[Stored records]
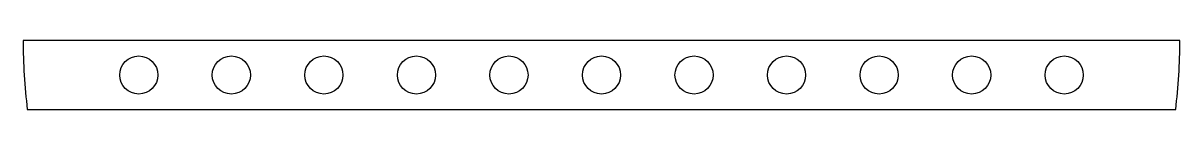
# Model space of a CAD drawing. Header units: millimetres. Extents: x -50 to 50, y -6 to 0.
import ezdxf

# ---------------------------------------------------------------- set-up
doc = ezdxf.new("R2010")
doc.units = ezdxf.units.MM

msp = doc.modelspace()

# ---------------------------------------------------------------- linework, layer by layer
at = {"color": 7, "linetype": 'Continuous', "lineweight": 25}
for p, q in [((50, 0), (-50, 0)), ((-49.64, -6), (49.64, -6))]:
    msp.add_line(p, q, dxfattribs=at)
for centre in [(-40, -3), (-32, -3), (-24, -3), (-16, -3), (-8, -3), (0, -3), (8, -3), (16, -3), (24, -3), (32, -3), (40, -3)]:
    msp.add_circle(centre, 1.65, dxfattribs=at)
for start, end in [(180, 186.8921), (353.1079, 0)]:
    msp.add_arc((0, 0), 50, start, end, dxfattribs=at)

doc.saveas('drawing.dxf')
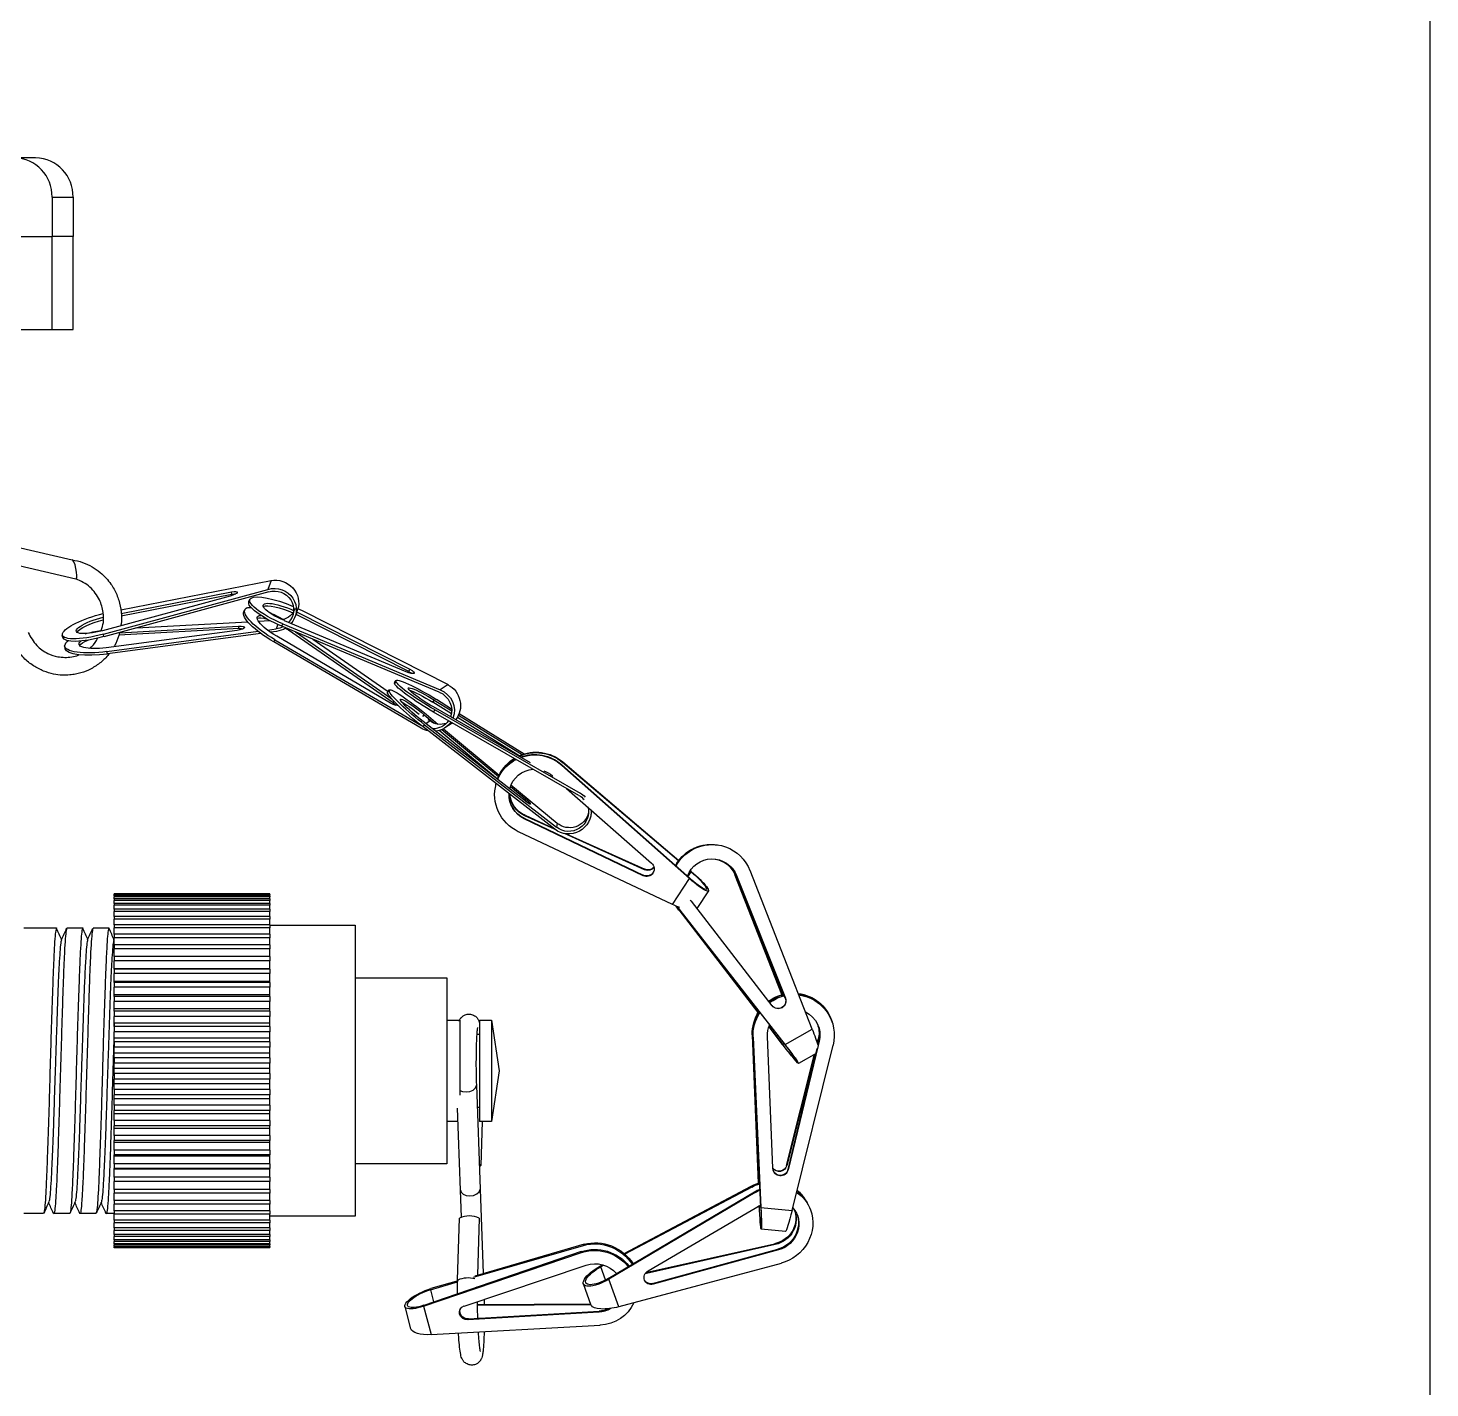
# Model space of a CAD drawing. Header units: millimetres. Extents: x 8981 to 59433, y 5244 to 14154.
# Drawn here: x 17029.5 to 17136.5, y 10704.1 to 10807.8 of the extents above; entities that cross this region are included whole.
import ezdxf

# ---------------------------------------------------------------- set-up
doc = ezdxf.new("R2010")
doc.units = ezdxf.units.MM
doc.layers.add('1实线层', color=7, linetype='Continuous', lineweight=30)

# ---------------------------------------------------------------- blocks, each defined once
blk = doc.blocks.new('G$C382E7B68')
at = {"layer": '1实线层', "color": 0, "linetype": 'Continuous', "lineweight": 25}
for p, q in [((26.15, 64.55), (24.56, 64.55)), ((27.41, 61.55), (27.41, 58.55)), ((27.41, 61.55), (29.01, 61.55)), ((29.01, 61.55), (29.01, 58.55)), ((25.03, 58.55), (27.41, 58.55)), ((29.01, 58.55), (27.41, 58.55)), ((27.41, 51.45), (27.41, 58.55)), ((29.01, 51.45), (29.01, 58.55)), ((25.03, 51.45), (27.41, 51.45)), ((27.41, 51.45), (29.01, 51.45)), ((21.04, 35.7), (28.95, 33.88)), ((29.22, 32.41), (21.31, 34.23)), ((32.65, 30.06), (44.11, 32.29)), ((44.11, 32.29), (43.87, 31.62)), ((40.98, 31.1), (31.26, 28.46)), ((31.32, 28.2), (43.87, 31.62)), ((43.93, 31.44), (31.36, 28.01)), ((32.68, 29.78), (41.09, 31.43)), ((41.13, 31.24), (32.68, 29.58)), ((41.13, 31.24), (41.09, 31.43)), ((42.03, 29.91), (42.11, 30.08)), ((42.29, 30.21), (42.14, 30.12)), ((42.42, 30.69), (42.5, 30.86)), ((46.13, 30.09), (45.95, 29.55)), ((46.54, 29.97), (57.61, 24.35)), ((33.84, 28.69), (42.34, 29.15)), ((43.15, 29.19), (44.02, 29.24)), ((44.62, 28.94), (44.5, 28.61)), ((44.92, 28.81), (45.01, 28.99)), ((45.01, 28.99), (57.01, 23.96)), ((54.41, 25.33), (45.13, 29.23)), ((46.03, 29.7), (46.11, 29.87)), ((54.62, 25.35), (46.03, 29.7)), ((46.11, 29.87), (54.7, 25.52)), ((28.23, 27.94), (28.19, 28.13)), ((31.36, 28.01), (31.32, 28.2)), ((41.52, 28.49), (31.53, 27.17)), ((31.59, 26.88), (43.12, 28.42)), ((43.34, 28.25), (31.63, 26.69)), ((41.67, 28.63), (32.5, 28.12)), ((32.54, 28.31), (41.63, 28.82)), ((41.67, 28.63), (41.63, 28.82)), ((43.84, 28.52), (44.5, 28.61)), ((44.53, 28.41), (44.06, 28.35)), ((53.22, 22.94), (44.54, 28.05)), ((56.94, 23.78), (44.92, 28.81)), ((45.44, 28.51), (45.47, 28.58)), ((53.43, 22.96), (45.44, 28.51)), ((45.97, 28.38), (53.31, 23.27)), ((47.3, 27.82), (53.03, 23.82)), ((28.42, 27.49), (28.36, 27.32)), ((28.41, 27.09), (28.37, 27.28)), ((31.63, 26.69), (31.59, 26.88)), ((44.32, 27.61), (44.41, 27.78)), ((55.55, 21.03), (44.32, 27.61)), ((44.41, 27.78), (55.53, 21.26)), ((53.59, 24.6), (53.64, 24.67)), ((54.62, 25.35), (54.7, 25.52)), ((53, 23.77), (53.05, 23.84)), ((53.13, 23.95), (53.12, 23.87)), ((53.53, 24.51), (53.52, 24.44)), ((57.61, 24.35), (57.01, 23.96)), ((53.43, 22.96), (53.49, 23.08)), ((56.45, 23.01), (56.56, 23.17)), ((57.87, 22.13), (56.45, 23.01)), ((63.91, 18.39), (56.49, 22.65)), ((56.56, 23.17), (57.89, 22.35)), ((56.73, 23.23), (57.88, 22.51)), ((55.69, 21.93), (55.78, 22.06)), ((63.49, 15.48), (55.71, 21.54)), ((55.78, 22.06), (56.56, 21.41)), ((56.24, 21.58), (55.92, 21.37)), ((55.93, 22.1), (56.84, 21.34)), ((56.06, 21.7), (56.24, 21.58)), ((56.5, 22.26), (56.62, 22.42)), ((67.59, 15.9), (56.5, 22.26)), ((56.62, 22.42), (67.69, 16.07)), ((63.03, 18.92), (58.32, 21.85)), ((58.41, 22.02), (63.25, 19.02)), ((58.46, 22.15), (63.41, 19.07)), ((55.7, 21.13), (55.82, 21.29)), ((65.75, 13.32), (55.7, 21.13)), ((55.82, 21.29), (65.87, 13.47)), ((61.38, 17.14), (56.93, 20.85)), ((57.14, 20.93), (61.46, 17.34)), ((57.26, 20.99), (61.51, 17.45)), ((57.84, 21.36), (57.36, 21.05)), ((66.29, 18.19), (66.3, 18.23)), ((76.02, 9.55), (66.29, 18.19)), ((66.3, 18.23), (76.04, 9.58)), ((66.35, 18.42), (66.36, 18.46)), ((75.18, 10.9), (66.35, 18.42)), ((66.36, 18.46), (75.2, 10.93)), ((61.55, 17.52), (61.87, 18.01)), ((65.56, 17.39), (65.61, 17.35)), ((61.25, 16.68), (61.26, 16.71)), ((62.37, 16.58), (63.51, 15.64)), ((62.41, 16.7), (65.92, 13.78)), ((66.65, 16.43), (73.13, 10.74)), ((67.7, 16.08), (67.69, 16.07)), ((63.43, 15.52), (63.51, 15.64)), ((63.41, 14.12), (63.42, 14.16)), ((72.49, 9.77), (63.41, 14.12)), ((63.42, 14.16), (72.5, 9.81)), ((63.47, 14.35), (63.48, 14.38)), ((65.73, 13.33), (63.47, 14.35)), ((63.48, 14.38), (65.62, 13.41)), ((68.54, 14.68), (68.51, 14.42)), ((74.73, 7.58), (62.97, 13.13)), ((65.92, 13.78), (65.87, 13.47)), ((72.6, 10.23), (66.49, 12.99)), ((66.61, 12.97), (72.61, 10.26)), ((75.91, 11.6), (76.42, 11.89)), ((78.15, 12.12), (78.16, 12.12)), ((78.2, 12.11), (78.22, 12.11)), ((72.49, 9.77), (72.5, 9.81)), ((72.6, 10.23), (72.61, 10.26)), ((75.91, 9.69), (76.16, 10.07)), ((76.16, 10.07), (76.07, 10.14)), ((76.09, 10.17), (76.16, 10.11)), ((79.53, 9.8), (79.52, 9.8)), ((83.07, 0.7), (79.52, 9.8)), ((79.53, 9.8), (83.08, 0.7)), ((79.61, 9.78), (79.6, 9.79)), ((83.33, 0.44), (79.6, 9.79)), ((79.61, 9.78), (83.34, 0.44)), ((85.39, -1.93), (80.64, 10.17)), ((74.73, 7.58), (76.02, 9.55)), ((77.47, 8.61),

◆ WHAT IS NEEDED ◆
Look at each line above and note whether it holds the word "Header". Report how many do, as the number only.

◆ OUTPUT FOR THIS TASK ◆
2